#1239: The Black Widow

RECORD STORE TALES #1239: The Black Widow

From the very start of Record Store Tales, to the present day I have been quite emphatic about one fact: My parents did not place any conditions or prohibitions against any kind of music we listened to as kids. We had nosey Catholic neighbours who did on their kids, but my mom and dad were cool. My dad liked that Iron Maiden sang historically accurate songs about World War II, and other conflicts such as the Crimean War. My mom had a younger brother, my long-haired Uncle Don Don, who liked Led Zeppelin and Alice Cooper. What I was bringing home, Van Halen and Quiet Riot, wasn’t much noisier or frightening. We’re talking degrees of separation. I had it easy. I wouldn’t have the collection I have today if they didn’t give me free reign over my entertainment.

That doesn’t mean they weren’t paying attention.  They saw stuff on TV about “Knights in Satan’s Service”, and my mom did ask me if that’s what KISS stood for.  I remember getting really huffy and saying “NO, it’s just a word!”  She believed me and let me go.  I think my parents always knew that rock stars did well by generating their own controversy.  They witnessed the rise and fall of Elvis Presley, and the explosive career of the Beatles, all accompanied by screaming teens, shaking hips, and suggestive songs.  I think they knew I wasn’t going to die on a toilet like Elvis just because I saw David Lee Roth getting arrested wearing nothing but a towel in the “Panama” video.  I don’t think they believed in Satan, so much as thought I would go to hell because I saw Ozzy Osbourne dressed as a werewolf in a music video.  Maybe it would have mattered if I spent all my time watching videos, but I went to school and did my homework like every other kid.  They just preferred Tears For Fears to Tesla.
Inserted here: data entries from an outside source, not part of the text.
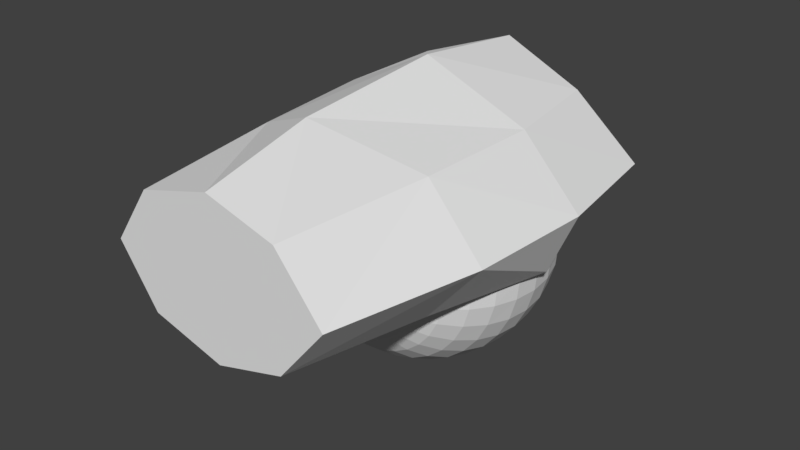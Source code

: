 # Source: 05_armR_0.blend  (saved by Blender 2.79.0; exported with 4.5.12 LTS)
import bpy
from mathutils import Matrix  # noqa: F401  (used for matrix-valued properties, if any)

bpy.ops.wm.read_factory_settings(use_empty=True)
scene = bpy.context.scene
scene.name = 'Scene'

# ---- collections
col_collection_1 = bpy.data.collections.new('Collection 1'); scene.collection.children.link(col_collection_1)

# ---- world
world_world = bpy.data.worlds.new('World'); scene.world = world_world
world_world.color = (0.05088, 0.05088, 0.05088)
world_world.use_sun_shadow = False
world_world.sun_shadow_jitter_overblur = 0.0
world_world.cycles.sampling_method = 'MANUAL'

# ---- meshes
me_005 = bpy.data.meshes.new('球.005')
me_005.from_pydata([(0.392, 0.1713, 0.104), (0.3975, 0.1153, 1.093), (0.3975, 0.3029, 1.036), (0.3975, 0.4758, 0.9438), (0.3975, 0.6273, 0.8195), (0.3975, 0.7517, 0.6679), (0.3975, 0.8441, 0.495), (0.3975, 0.901, 0.3074), (0.3975, 0.9202, 0.1123), (0.3975, 0.901, -0.08274), (0.3975, 0.4758, -0.7191), (0.4356, 0.1115, 1.093), (0.4722, 0.2955, 1.036), (0.5059, 0.4651, 0.9438), (0.5354, 0.6137, 0.8195), (0.5597, 0.7357, 0.6679), (0.5777, 0.8263, 0.495), (0.5888, 0.8821, 0.3074), (0.5926, 0.901, 0.1123), (0.5888, 0.8821, -0.08274), (0.5777, 0.8263, -0.2703), (0.5597, 0.7357, -0.4432), (0.5354, 0.6137, -0.5948), (0.5059, 0.4651, -0.7191), (0.4722, 0.2955, -0.8115), (0.4356, 0.1115, -0.8684), (0.4722, 0.1004, 1.093), (0.5439, 0.2738, 1.036), (0.6101, 0.4335, 0.9438), (0.6681, 0.5735, 0.8195), (0.7157, 0.6884, 0.6679), (0.7511, 0.7738, 0.495), (0.7728, 0.8263, 0.3074), (0.7802, 0.8441, 0.1123), (0.7728, 0.8263, -0.08274), (0.7511, 0.7738, -0.2703), (0.7157, 0.6884, -0.4432), (0.6681, 0.5735, -0.5948), (0.6101, 0.4335, -0.7191), (0.5439, 0.2738, -0.8115), (0.6101, 0.2384, 1.036), (0.7062, 0.3821, 0.9438), (0.7903, 0.5081, 0.8195), (0.8594, 0.6115, 0.6679), (0.9108, 0.6884, 0.495), (0.9424, 0.7357, 0.3074), (0.9531, 0.7517, 0.1123), (0.9424, 0.7357, -0.08274), (0.9108, 0.6884, -0.2703), (0.8594, 0.6115, -0.4432), (0.7903, 0.5081, -0.5948), (0.7062, 0.3821, -0.7191), (0.6101, 0.2384, -0.8115), (0.6681, 0.1908, 1.036), (0.7903, 0.3131, 0.9438), (0.8975, 0.4202, 0.8195), (0.9854, 0.5081, 0.6679), (1.051, 0.5735, 0.495), (1.091, 0.6137, 0.3074), (1.105, 0.6273, 0.1123), (1.091, 0.6137, -0.08274), (1.051, 0.5735, -0.2703), (0.9854, 0.5081, -0.4432), (0.8975, 0.4202, -0.5948), (0.7903, 0.3131, -0.7191), (0.6681, 0.1908, -0.8115), (0.7157, 0.1328, 1.036), (0.8594, 0.2289, 0.9438), (0.9854, 0.3131, 0.8195), (1.089, 0.3821, 0.6679), (1.166, 0.4335, 0.495), (1.213, 0.4651, 0.3074), (1.229, 0.4758, 0.1123), (1.213, 0.4651, -0.08274), (1.166, 0.4335, -0.2703), (1.089, 0.3821, -0.4432), (0.9854, 0.3131, -0.5948), (0.8594, 0.2289, -0.7191), (0.7157, 0.1328, -0.8115), (0.7511, 0.06665, 1.036), (0.9108, 0.1328, 0.9438), (1.051, 0.1908, 0.8195), (1.166, 0.2384, 0.6679), (1.251, 0.2738, 0.495), (1.304, 0.2955, 0.3074), (1.321, 0.3029, 0.1123), (1.304, 0.2955, -0.08274), (1.251, 0.2738, -0.2703), (1.166, 0.2384, -0.4432), (1.051, 0.1908, -0.5948), (0.9108, 0.1328, -0.7191), (0.7511, 0.06665, -0.8115), (0.9424, 0.02859, 0.9438), (1.091, 0.05815, 0.8195), (1.213, 0.08241, 0.6679), (1.304, 0.1004, 0.495), (1.359, 0.1115, 0.3074), (1.378, 0.1153, 0.1123), (1.359, 0.1115, -0.08274), (1.304, 0.1004, -0.2703), (1.213, 0.08241, -0.4432), (1.091, 0.05815, -0.5948), (0.9424, 0.02859, -0.7191), (-0.1474, 0.02859, 0.9438), (-0.296, 0.05815, 0.8195), (-0.418, 0.08241, 0.6679), (-0.5086, 0.1004, 0.495), (-0.5644, 0.1115, 0.3074), (-0.5833, 0.1153, 0.1123), (-0.5644, 0.1115, -0.08274), (-0.5086, 0.1004, -0.2703), (-0.418, 0.08241, -0.4432), (-0.296, 0.05815, -0.5948), (-0.1474, 0.02859, -0.7191), (0.04394, 0.06665, 1.036), (-0.1158, 0.1328, 0.9438), (-0.2558, 0.1908, 0.8195), (-0.3707, 0.2384, 0.6679), (-0.4561, 0.2738, 0.495), (-0.5086, 0.2955, 0.3074), (-0.5264, 0.3029, 0.1123), (-0.5086, 0.2955, -0.08274), (-0.4561, 0.2738, -0.2703), (-0.3707, 0.2384, -0.4432), (-0.2558, 0.1908, -0.5948), (-0.1158, 0.1328, -0.7191), (0.04394, 0.06665, -0.8115), (0.07931, 0.1328, 1.036), (-0.06444, 0.2289, 0.9438), (-0.1904, 0.3131, 0.8195), (-0.2938, 0.3821, 0.6679), (-0.3707, 0.4335, 0.495), (-0.418, 0.4651, 0.3074), (-0.434, 0.4758, 0.1123), (-0.418, 0.4651, -0.08274), (-0.3707, 0.4335, -0.2703), (-0.2938, 0.3821, -0.4432), (-0.1904, 0.3131, -0.5948), (-0.06444, 0.2289, -0.7191), (0.07931, 0.1328, -0.8115), (0.1269, 0.1908, 1.036), (0.004651, 0.3131, 0.9438), (-0.1025, 0.4202, 0.8195), (-0.1904, 0.5081, 0.6679), (-0.2558, 0.5735, 0.495), (-0.296, 0.6137, 0.3074), (-0.3096, 0.6273, 0.1123), (-0.296, 0.6137, -0.08274), (-0.2558, 0.5735, -0.2703), (-0.1904, 0.5081, -0.4432), (-0.1025, 0.4202, -0.5948), (0.004651, 0.3131, -0.7191), (0.1269, 0.1908, -0.8115), (0.1849, 0.2384, 1.036), (0.08884, 0.3821, 0.9438), (0.004651, 0.5081, 0.8195), (-0.06444, 0.6115, 0.6679), (-0.1158, 0.6884, 0.495), (-0.1474, 0.7357, 0.3074), (-0.1581, 0.7517, 0.1123), (-0.1474, 0.7357, -0.08274), (-0.1158, 0.6884, -0.2703), (-0.06444, 0.6115, -0.4432), (0.004651, 0.5081, -0.5948), (0.08884, 0.3821, -0.7191), (0.1849, 0.2384, -0.8115), (0.3228, 0.1004, 1.093), (0.2511, 0.2738, 1.036), (0.1849, 0.4335, 0.9438), (0.1269, 0.5735, 0.8195), (0.07931, 0.6884, 0.6679), (0.04394, 0.7738, 0.495), (0.02217, 0.8263, 0.3074), (0.01482, 0.8441, 0.1123), (0.02217, 0.8263, -0.08274), (0.04394, 0.7738, -0.2703), (0.07931, 0.6884, -0.4432), (0.1269, 0.5735, -0.5948), (0.1849, 0.4335, -0.7191), (0.2511, 0.2738, -0.8115), (0.3594, 0.1115, 1.093), (0.3228, 0.2955, 1.036), (0.2891, 0.4651, 0.9438), (0.2595, 0.6137, 0.8195), (0.2353, 0.7357, 0.6679), (0.2173, 0.8263, 0.495), (0.2062, 0.8821, 0.3074), (0.2024, 0.901, 0.1123), (0.2062, 0.8821, -0.08274), (0.2173, 0.8263, -0.2703), (0.2353, 0.7357, -0.4432), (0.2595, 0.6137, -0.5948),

I can really only remember a handful of talks about music.  Once was the question about the meaning of KISS, and one was about the death of Randy Rhoads.  I was quick to correct my dad when he said he “probably died of drugs”.  “He wasn’t on drugs, but the pilot of the airplane was,” I said.  I never got in shit for playing any music.  Only the for the volume at which I played it.  I played “Big Balls” by AC/DC at the kitchen table one time.  Never a word!

There was only one instance in which my mother was simply not impressed with my music.  Not at all impressed.  It involved the aforementioned Alice Cooper.

I had this second cousin on my mom’s side, Danny.  He was a bit older and into all kinds of heavier rock.  He was into Alice Cooper, and played me “The Black Widow” in the Winnebago he arrived in.  Summer of 1986.  The bit with Vincent Price doing his Vincent Price thing really grabbed me.  I loved Vincent Price.  Alice had a big comeback in the 80’s, with Constrictor, Raise Your Fist and Yell, and Trash.  He was once again in the news, but this time for his remarkable return to the forefront of popular rock artists.  It was in this climate that I began collecting his music.  My mother knew who Alice Cooper was.  It was she that gave me Welcome to My Nightmare for Easter 1991.  It was weird, and some things were decidedly un-rock…but I loved it!  One thing I enjoyed about Alice Cooper’s music is that he constantly forced me to re-define my conceptions about what rock was.

I was still in highschool, and my mom was still doing my laundry for me.  One night I was in bed, lights out, with music rocking me to sleep as it did every night.  Welcome to My Nightmare was still fresh in my collection, and that’s what was playing when she entered my room that night with a basket of laundry.  “The Black Widow” was mid-song.  She missed all the cool Vincent Price stuff, which I’m sure she would have approved of.  No, this is what she walked in to:

“He stares with a gleam, with a laugh so obscene,

At the virgins and the children he’s deflowered.”

“DID HE JUST SAY VIRGINS AND CHILDREN ARE DEFLOWERED?” asked my mother with a volume in her voice you rarely heard.

I mumbled something about Vincent Price and didn’t attempt to defend the lyrics.  I said something about he’s singing about spiders and that’s all I could muster.

To her credit, nothing more was said, and when Alice Cooper came out with his new album Hey Stoopid that summer, she bought a copy for my birthday.  Today, she knows the Coop is a man of high character, and approves of my selection!